TASK DIRECTIONS: No pictures go in the copy. Restate, word for word, each line from the one containing "C = [ 1 0 0 0" through the last line below.

GIVEN INFORMATION:
Content starts
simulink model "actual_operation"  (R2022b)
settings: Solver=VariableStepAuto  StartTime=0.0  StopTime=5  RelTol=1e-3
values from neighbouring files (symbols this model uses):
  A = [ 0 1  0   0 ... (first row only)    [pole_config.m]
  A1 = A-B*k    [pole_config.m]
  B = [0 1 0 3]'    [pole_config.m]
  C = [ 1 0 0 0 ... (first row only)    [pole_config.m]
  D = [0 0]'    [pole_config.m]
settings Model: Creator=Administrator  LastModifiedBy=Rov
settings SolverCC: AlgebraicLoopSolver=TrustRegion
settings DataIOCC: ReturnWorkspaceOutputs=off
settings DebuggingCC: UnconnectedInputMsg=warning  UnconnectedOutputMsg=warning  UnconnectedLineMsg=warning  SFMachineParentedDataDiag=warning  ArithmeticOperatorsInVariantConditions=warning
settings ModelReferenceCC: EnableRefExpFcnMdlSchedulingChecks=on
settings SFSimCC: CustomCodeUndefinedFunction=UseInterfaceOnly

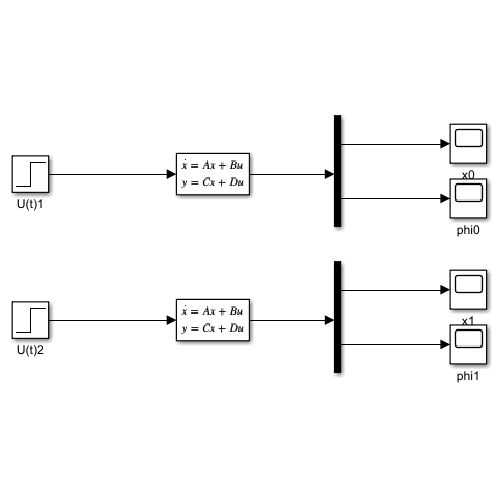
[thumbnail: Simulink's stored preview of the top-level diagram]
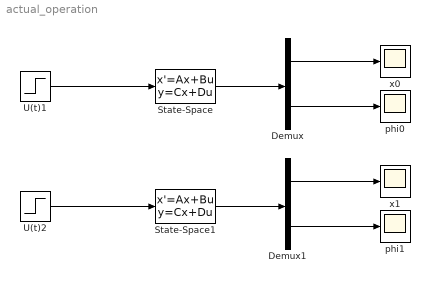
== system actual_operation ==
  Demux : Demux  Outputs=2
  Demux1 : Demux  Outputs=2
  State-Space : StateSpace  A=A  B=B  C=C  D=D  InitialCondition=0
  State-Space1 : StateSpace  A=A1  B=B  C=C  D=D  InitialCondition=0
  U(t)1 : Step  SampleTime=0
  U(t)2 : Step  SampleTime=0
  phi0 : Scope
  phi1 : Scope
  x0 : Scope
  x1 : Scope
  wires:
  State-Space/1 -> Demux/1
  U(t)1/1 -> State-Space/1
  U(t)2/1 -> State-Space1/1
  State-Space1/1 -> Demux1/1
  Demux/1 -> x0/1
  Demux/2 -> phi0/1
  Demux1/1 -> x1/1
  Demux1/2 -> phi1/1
Content ends
SOLUTION BELOW:
  C = [ 1 0 0 0 ... (first row only)    [pole_config.m]
  D = [0 0]'    [pole_config.m]
settings Model: Creator=Administrator  LastModifiedBy=Rov
settings SolverCC: AlgebraicLoopSolver=TrustRegion
settings DataIOCC: ReturnWorkspaceOutputs=off
settings DebuggingCC: UnconnectedInputMsg=warning  UnconnectedOutputMsg=warning  UnconnectedLineMsg=warning  SFMachineParentedDataDiag=warning  ArithmeticOperatorsInVariantConditions=warning
settings ModelReferenceCC: EnableRefExpFcnMdlSchedulingChecks=on
settings SFSimCC: CustomCodeUndefinedFunction=UseInterfaceOnly

[thumbnail: Simulink's stored preview of the top-level diagram]
== system actual_operation ==
  Demux : Demux  Outputs=2
  Demux1 : Demux  Outputs=2
  State-Space : StateSpace  A=A  B=B  C=C  D=D  InitialCondition=0
  State-Space1 : StateSpace  A=A1  B=B  C=C  D=D  InitialCondition=0
  U(t)1 : Step  SampleTime=0
  U(t)2 : Step  SampleTime=0
  phi0 : Scope
  phi1 : Scope
  x0 : Scope
  x1 : Scope
  wires:
  State-Space/1 -> Demux/1
  U(t)1/1 -> State-Space/1
  U(t)2/1 -> State-Space1/1
  State-Space1/1 -> Demux1/1
  Demux/1 -> x0/1
  Demux/2 -> phi0/1
  Demux1/1 -> x1/1
  Demux1/2 -> phi1/1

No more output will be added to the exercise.